The # prefix tells rustdoc to omit the line when generating HTML. The test harness still compiles it. This keeps the documentation clean while maintaining a complete, runnable example. You can also control execution behavior with block attributes. Add no_run when the example requires user interaction or takes longer than two seconds. Add should_panic when documenting error conditions and you want to prove the panic message matches expectations.

/// Attempts to parse a JSON payload.
///
/// # Examples
///
/// ```should_panic
/// // Hide the import to keep the example focused
/// # use my_crate::parse_json;
///
/// // Prove that invalid input triggers the expected panic
/// parse_json("{ broken json }");
/// ```
pub fn parse_json(input: &str) { /* implementation */ }

The should_panic attribute flips the success condition. The test passes only if the code panics. You can attach an expected message to verify the exact panic string. This pattern prevents silent regressions in error handling paths. Trust the test harness to enforce your error contracts.

Common traps and compiler messages

Doc tests fail for predictable reasons. The most common trap is assuming imports carry over from the module. They do not. If you forget to import a type, the compiler rejects you with E0432 (unresolved import). Add the use statement inside the doc test block.

Another frequent issue is writing a full program without a main function. The test harness wraps your block in fn main(), but if you define your own main inside the block, you get a duplicate definition error. Strip the fn main() from doc tests. Let the harness provide it.

You will also encounter E0601 (main function not found) if you accidentally use the ignore attribute on a block that should run. The ignore attribute tells the harness to skip compilation entirely. Use it only for examples that depend on external hardware, network calls, or third-party services that are unavailable in CI.

/// Connects to the external weather API.
///
/// # Examples
///
/// ```ignore
/// // Skip compilation because this requires a live network connection
/// let client = my_crate::WeatherClient::new();
/// let forecast = client.get_forecast("London");
/// ```
pub struct WeatherClient { /* fields */ }

The ignore attribute is a safety valve. It prevents CI pipelines from failing on flaky external dependencies. The community convention is to keep ignore blocks to a minimum. Prefer no_run when the code is valid but slow. Reserve ignore for truly untestable scenarios. Import everything explicitly. The test harness starts from a blank slate.
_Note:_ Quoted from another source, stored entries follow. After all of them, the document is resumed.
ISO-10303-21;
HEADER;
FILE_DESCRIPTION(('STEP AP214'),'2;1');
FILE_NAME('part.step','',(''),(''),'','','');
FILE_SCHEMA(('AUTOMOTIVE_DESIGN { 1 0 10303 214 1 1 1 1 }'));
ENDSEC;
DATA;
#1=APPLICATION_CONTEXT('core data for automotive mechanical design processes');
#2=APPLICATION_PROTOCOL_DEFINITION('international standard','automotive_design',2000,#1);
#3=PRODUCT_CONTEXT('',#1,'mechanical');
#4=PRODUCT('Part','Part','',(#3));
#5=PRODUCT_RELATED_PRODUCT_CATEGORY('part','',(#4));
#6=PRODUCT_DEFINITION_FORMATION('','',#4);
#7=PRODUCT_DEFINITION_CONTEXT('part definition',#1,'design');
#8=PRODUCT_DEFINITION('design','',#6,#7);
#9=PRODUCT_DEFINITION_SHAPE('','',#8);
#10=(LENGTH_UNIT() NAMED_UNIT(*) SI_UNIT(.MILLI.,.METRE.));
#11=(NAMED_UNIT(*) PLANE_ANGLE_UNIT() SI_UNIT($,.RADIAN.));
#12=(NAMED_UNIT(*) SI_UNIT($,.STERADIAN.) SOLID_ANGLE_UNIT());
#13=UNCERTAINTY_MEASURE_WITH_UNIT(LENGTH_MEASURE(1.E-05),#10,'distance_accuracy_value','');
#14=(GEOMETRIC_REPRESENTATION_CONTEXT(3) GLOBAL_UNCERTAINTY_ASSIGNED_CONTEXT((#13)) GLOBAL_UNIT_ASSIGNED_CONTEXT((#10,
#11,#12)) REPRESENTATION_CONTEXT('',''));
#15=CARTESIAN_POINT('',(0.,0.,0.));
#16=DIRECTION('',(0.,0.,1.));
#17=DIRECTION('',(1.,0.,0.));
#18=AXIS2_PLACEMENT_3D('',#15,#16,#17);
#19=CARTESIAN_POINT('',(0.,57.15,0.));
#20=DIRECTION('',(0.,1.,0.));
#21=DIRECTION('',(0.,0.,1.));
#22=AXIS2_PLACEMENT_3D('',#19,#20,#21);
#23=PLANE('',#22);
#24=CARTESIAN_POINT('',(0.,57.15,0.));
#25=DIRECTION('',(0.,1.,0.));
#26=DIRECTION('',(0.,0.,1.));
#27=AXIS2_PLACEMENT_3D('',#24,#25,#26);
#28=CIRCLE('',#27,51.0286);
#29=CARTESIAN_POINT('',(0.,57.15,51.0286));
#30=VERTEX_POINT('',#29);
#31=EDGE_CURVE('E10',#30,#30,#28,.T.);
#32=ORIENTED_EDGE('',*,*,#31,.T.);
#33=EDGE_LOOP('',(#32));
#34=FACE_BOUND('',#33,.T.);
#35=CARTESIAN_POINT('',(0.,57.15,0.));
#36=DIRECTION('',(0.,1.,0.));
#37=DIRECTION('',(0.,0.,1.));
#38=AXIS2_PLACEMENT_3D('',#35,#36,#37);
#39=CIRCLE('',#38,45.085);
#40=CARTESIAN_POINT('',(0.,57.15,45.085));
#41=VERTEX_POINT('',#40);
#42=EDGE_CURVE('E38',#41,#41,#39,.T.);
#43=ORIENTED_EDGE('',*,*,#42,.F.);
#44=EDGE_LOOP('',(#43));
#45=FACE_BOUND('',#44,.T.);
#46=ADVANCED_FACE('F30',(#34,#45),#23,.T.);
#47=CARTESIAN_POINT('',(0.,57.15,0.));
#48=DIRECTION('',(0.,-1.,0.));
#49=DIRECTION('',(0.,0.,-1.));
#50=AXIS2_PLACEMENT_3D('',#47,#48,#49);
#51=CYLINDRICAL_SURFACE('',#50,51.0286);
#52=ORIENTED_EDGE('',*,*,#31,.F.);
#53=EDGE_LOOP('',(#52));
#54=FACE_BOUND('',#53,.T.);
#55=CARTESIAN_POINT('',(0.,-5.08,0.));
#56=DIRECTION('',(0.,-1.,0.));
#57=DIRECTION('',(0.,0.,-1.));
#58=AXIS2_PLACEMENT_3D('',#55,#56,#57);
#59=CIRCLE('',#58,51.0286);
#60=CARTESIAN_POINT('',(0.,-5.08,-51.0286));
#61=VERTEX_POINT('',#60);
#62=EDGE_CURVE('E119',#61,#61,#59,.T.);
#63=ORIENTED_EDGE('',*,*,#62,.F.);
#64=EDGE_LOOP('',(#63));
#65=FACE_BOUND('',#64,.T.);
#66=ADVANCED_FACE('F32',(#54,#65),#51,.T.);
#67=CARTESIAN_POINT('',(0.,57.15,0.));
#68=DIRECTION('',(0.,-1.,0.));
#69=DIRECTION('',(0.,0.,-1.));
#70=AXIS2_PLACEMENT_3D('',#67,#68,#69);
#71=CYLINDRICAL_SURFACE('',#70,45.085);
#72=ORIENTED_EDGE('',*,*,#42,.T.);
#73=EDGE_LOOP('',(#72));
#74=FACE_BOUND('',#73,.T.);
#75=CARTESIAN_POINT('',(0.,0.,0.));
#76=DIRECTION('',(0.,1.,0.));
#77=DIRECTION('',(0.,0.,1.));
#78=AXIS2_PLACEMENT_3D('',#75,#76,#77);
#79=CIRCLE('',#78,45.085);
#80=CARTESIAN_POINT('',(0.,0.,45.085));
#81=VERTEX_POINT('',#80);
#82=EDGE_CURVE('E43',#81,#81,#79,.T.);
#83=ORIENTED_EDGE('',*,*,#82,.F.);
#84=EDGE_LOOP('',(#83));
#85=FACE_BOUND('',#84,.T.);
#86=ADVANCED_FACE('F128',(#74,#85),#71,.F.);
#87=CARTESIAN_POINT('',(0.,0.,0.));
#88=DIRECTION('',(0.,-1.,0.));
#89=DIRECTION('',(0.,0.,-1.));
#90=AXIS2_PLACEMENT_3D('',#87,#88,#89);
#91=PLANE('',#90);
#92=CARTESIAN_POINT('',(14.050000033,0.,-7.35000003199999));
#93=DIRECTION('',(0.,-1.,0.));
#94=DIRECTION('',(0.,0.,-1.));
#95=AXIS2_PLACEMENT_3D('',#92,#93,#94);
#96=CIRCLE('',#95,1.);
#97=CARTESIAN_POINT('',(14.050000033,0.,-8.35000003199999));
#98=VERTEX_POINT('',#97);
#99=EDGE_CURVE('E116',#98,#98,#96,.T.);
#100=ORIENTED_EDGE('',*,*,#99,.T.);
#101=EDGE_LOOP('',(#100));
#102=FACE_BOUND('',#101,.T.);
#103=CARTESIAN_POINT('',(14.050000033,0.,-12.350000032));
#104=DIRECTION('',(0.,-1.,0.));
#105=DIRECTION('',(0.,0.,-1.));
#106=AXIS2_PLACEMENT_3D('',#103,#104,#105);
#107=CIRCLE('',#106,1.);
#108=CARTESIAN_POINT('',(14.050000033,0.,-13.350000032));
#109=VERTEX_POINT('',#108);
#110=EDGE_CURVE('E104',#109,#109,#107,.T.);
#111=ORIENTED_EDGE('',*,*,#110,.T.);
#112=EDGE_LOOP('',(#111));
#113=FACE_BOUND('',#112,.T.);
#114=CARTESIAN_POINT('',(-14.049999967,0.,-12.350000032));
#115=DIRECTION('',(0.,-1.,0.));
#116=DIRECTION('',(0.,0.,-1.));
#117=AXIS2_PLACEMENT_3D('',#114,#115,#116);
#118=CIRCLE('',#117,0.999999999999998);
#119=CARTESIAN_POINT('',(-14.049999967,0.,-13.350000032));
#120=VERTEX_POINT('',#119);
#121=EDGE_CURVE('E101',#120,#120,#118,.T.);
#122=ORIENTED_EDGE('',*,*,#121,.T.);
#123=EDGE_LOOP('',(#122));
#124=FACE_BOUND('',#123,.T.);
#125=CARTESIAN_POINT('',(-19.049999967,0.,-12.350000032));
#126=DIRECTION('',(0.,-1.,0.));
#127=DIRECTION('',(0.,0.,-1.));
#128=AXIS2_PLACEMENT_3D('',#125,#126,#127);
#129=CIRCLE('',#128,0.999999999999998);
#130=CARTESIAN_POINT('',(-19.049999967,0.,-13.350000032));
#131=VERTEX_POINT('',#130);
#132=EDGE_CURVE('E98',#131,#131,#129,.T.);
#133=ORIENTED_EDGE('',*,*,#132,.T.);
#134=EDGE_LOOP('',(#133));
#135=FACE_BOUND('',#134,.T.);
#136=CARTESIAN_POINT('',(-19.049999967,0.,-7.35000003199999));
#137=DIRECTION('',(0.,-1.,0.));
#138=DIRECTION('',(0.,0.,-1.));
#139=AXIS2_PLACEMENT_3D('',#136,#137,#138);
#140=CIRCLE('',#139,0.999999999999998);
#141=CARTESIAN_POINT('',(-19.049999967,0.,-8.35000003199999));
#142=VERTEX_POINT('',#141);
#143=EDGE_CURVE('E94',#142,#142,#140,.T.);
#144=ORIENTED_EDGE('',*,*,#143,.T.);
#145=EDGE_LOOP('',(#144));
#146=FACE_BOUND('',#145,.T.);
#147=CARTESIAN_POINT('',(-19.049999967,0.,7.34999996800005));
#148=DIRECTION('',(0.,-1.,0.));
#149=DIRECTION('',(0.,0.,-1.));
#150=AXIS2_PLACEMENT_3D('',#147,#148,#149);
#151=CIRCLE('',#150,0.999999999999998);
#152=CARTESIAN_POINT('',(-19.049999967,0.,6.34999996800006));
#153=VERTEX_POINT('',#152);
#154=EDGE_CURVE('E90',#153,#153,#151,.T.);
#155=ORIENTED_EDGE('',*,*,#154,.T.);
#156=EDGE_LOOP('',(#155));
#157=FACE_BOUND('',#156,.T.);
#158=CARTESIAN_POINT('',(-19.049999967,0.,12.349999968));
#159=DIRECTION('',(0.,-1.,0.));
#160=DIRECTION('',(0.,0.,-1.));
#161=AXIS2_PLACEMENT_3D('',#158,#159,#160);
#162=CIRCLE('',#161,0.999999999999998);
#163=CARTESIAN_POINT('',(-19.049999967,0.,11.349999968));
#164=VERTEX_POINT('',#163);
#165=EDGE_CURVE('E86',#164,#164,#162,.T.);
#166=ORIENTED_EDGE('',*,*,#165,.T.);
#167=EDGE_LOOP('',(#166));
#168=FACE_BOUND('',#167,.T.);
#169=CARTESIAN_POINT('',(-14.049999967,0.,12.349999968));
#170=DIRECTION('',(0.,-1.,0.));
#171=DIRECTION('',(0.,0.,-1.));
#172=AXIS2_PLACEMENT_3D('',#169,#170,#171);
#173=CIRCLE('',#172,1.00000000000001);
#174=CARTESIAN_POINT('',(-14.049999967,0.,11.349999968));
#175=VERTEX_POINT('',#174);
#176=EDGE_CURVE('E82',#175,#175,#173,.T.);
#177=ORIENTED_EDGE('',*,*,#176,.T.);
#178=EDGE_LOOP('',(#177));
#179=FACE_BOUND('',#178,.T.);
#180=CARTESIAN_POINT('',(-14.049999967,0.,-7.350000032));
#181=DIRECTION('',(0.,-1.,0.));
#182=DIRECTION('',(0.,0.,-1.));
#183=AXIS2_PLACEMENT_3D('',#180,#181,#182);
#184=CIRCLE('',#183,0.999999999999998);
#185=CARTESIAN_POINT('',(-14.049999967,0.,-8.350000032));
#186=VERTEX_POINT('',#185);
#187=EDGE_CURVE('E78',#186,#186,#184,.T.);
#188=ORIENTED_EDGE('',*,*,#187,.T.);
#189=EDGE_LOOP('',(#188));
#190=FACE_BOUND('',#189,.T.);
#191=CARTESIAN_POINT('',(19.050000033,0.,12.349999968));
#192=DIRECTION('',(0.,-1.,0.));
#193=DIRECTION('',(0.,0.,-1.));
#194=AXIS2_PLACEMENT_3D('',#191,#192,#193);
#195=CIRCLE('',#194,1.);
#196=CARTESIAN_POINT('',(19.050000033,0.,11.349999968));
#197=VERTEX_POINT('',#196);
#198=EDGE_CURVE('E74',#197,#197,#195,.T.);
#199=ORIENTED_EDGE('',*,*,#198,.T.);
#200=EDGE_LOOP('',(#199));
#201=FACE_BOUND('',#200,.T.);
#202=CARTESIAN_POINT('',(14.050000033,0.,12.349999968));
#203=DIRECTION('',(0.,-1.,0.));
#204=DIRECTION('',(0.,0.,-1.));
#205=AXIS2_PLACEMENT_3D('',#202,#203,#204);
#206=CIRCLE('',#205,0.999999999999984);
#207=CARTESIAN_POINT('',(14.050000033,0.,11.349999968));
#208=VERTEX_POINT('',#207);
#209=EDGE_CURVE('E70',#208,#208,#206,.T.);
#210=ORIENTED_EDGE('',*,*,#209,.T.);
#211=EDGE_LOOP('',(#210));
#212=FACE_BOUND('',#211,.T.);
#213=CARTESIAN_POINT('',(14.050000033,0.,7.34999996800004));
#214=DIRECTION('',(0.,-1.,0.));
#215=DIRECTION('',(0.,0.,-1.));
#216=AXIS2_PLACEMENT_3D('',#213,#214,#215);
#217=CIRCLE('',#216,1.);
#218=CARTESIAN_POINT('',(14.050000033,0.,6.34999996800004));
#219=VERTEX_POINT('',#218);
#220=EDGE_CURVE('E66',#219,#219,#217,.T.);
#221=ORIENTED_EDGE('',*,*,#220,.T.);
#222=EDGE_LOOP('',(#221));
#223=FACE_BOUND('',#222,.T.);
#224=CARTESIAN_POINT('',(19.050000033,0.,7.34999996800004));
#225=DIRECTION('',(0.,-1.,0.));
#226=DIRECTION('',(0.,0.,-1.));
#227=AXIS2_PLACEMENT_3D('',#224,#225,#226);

When to use doc tests versus other approaches

Rust provides multiple testing layers. Each layer serves a different verification goal. Pick the right tool for the job.

Use doc tests for public API surface verification. Use unit tests with the #[test] attribute for internal logic and edge cases. Use integration tests in the tests/ directory for cross-module workflows and real-world scenarios. Reach for no_run when the example requires user interaction or takes longer than two seconds. Pick should_panic when documenting error conditions and you want to prove the panic message matches expectations.

Doc tests prove that your public interface works exactly as advertised. They run automatically when someone builds your crate. They double as living documentation. Unit tests prove that your internal algorithms handle boundary conditions. They run faster and can access private helpers. Integration tests prove that your crate plays nicely with other crates and real file systems. They run slower but catch architectural mismatches. Match the test type to the verification goal. Keep the API surface honest.